Assignment:
The number of lines holding the string "exist" is all that is wanted; count them in the records below.

(Stored entries)
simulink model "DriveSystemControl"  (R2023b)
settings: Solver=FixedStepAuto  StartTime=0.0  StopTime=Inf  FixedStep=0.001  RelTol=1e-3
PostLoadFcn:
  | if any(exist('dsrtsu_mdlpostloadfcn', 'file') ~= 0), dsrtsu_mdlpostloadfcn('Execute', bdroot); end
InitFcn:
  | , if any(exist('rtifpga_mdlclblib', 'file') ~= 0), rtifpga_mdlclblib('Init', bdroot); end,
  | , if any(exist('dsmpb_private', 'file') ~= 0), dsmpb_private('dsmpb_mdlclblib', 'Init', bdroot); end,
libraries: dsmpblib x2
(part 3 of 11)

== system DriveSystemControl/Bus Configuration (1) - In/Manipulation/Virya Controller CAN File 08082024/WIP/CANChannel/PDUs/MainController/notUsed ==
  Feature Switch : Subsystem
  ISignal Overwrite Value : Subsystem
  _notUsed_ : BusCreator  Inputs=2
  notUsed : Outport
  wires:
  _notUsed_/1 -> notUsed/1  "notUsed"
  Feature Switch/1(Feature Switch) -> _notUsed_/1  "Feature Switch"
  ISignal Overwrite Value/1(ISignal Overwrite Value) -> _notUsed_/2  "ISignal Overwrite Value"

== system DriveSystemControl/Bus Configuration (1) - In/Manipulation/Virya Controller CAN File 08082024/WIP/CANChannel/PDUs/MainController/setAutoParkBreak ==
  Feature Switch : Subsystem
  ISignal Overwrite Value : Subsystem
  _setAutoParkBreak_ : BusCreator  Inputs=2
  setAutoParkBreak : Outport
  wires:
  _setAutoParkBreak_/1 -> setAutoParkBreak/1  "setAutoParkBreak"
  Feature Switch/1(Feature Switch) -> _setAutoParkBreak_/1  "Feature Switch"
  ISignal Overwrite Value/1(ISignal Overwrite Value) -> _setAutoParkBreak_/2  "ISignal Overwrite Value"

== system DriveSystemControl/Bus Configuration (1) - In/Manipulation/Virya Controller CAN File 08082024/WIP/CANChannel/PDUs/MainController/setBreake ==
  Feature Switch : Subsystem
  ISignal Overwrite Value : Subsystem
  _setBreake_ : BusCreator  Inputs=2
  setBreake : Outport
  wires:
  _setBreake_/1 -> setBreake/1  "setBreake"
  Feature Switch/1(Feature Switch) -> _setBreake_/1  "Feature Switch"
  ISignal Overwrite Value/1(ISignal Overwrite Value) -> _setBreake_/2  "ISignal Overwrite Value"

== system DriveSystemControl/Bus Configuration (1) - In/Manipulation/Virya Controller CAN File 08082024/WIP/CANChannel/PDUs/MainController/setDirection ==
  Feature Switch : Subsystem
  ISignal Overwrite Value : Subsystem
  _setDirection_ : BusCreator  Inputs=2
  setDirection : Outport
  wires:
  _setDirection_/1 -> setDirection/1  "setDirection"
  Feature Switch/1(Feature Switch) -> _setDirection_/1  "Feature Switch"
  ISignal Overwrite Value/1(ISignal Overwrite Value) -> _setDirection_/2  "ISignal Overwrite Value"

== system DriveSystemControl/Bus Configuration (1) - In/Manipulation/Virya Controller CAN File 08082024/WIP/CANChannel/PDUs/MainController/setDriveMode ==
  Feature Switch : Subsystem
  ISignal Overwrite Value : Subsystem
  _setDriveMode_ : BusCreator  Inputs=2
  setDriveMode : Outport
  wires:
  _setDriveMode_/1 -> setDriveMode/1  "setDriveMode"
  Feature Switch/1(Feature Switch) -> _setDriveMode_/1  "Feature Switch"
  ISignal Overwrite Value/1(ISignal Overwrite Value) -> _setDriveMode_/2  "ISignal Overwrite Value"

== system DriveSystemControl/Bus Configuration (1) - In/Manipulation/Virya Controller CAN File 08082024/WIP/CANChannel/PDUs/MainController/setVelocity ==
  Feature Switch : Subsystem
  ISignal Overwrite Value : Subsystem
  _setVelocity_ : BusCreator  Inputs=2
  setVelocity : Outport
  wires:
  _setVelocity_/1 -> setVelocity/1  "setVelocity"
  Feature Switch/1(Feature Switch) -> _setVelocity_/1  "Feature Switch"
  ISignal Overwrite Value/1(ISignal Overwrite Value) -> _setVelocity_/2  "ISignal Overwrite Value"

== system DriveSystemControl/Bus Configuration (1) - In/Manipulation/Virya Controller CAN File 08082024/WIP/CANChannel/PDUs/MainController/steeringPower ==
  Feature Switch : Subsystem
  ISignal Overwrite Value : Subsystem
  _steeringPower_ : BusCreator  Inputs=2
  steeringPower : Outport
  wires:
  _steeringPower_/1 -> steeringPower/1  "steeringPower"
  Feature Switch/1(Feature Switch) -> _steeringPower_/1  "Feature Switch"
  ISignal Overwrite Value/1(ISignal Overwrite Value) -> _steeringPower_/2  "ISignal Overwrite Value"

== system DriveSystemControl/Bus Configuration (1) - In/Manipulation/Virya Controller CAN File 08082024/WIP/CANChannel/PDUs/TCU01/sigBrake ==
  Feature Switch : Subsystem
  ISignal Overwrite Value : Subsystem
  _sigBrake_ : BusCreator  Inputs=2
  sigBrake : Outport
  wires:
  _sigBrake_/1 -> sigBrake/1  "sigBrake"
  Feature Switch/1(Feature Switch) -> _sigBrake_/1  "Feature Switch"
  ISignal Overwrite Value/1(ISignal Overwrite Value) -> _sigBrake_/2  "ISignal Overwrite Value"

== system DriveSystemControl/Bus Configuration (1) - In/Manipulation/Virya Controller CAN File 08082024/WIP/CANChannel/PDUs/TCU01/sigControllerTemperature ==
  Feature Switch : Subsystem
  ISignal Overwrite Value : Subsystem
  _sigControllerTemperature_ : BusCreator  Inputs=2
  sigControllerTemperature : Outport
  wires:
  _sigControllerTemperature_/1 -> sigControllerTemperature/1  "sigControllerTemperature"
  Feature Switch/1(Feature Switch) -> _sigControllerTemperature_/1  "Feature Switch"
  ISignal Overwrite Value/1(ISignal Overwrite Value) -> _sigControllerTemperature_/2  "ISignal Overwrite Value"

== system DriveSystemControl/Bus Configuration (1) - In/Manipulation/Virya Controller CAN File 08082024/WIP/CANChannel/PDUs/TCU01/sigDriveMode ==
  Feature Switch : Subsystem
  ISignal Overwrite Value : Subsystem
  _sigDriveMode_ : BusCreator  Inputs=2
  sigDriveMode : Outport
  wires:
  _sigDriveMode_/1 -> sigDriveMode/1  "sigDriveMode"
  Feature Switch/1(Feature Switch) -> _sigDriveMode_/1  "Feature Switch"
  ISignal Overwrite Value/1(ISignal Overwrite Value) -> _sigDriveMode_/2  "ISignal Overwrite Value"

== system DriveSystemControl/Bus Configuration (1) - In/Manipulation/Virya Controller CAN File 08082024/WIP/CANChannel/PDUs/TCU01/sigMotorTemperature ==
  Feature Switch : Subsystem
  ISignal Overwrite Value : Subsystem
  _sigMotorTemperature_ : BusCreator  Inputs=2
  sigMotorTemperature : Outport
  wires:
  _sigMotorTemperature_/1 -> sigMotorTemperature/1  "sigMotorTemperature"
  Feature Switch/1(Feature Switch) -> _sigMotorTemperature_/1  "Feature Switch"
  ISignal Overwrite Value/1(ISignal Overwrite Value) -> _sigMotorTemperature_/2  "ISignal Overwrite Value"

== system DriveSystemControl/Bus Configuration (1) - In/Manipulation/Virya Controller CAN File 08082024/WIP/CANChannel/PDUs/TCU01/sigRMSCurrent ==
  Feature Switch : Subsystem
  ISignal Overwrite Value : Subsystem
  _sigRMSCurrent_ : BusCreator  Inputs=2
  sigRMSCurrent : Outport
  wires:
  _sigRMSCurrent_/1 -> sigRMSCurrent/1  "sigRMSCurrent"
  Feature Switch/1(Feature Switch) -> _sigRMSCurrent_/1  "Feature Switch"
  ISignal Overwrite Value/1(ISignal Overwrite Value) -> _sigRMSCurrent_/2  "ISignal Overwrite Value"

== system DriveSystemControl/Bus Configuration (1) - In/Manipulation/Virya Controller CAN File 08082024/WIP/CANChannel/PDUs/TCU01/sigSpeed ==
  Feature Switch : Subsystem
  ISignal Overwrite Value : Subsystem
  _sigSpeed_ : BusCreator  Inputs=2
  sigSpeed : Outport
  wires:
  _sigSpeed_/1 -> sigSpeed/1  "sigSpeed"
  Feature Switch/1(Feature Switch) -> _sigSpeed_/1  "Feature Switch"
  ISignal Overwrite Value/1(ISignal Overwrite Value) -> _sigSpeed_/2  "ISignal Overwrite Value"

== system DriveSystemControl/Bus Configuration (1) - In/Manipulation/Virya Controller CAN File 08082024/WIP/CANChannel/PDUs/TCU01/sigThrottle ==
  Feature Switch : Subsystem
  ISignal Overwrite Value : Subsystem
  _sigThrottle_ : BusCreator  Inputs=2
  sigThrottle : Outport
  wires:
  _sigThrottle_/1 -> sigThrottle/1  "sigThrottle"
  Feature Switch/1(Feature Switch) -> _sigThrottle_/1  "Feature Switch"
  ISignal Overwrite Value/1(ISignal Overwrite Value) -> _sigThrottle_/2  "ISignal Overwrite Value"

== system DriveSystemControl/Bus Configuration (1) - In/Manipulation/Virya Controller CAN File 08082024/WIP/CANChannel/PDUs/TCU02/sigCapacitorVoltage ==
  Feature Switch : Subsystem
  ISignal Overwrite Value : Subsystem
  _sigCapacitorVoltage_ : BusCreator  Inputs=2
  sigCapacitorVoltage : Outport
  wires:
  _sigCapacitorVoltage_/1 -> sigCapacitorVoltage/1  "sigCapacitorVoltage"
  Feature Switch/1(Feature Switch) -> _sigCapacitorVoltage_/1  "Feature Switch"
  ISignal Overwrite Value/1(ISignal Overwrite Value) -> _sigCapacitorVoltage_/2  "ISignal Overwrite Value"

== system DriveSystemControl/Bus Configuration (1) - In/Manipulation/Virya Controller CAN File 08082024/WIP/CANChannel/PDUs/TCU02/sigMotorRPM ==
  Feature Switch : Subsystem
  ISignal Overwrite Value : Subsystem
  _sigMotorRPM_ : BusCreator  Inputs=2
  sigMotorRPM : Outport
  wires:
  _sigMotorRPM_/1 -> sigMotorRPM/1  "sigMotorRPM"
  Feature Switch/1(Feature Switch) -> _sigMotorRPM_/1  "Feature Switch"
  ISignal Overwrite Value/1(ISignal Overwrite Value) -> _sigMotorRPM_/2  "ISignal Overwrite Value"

Response box:
3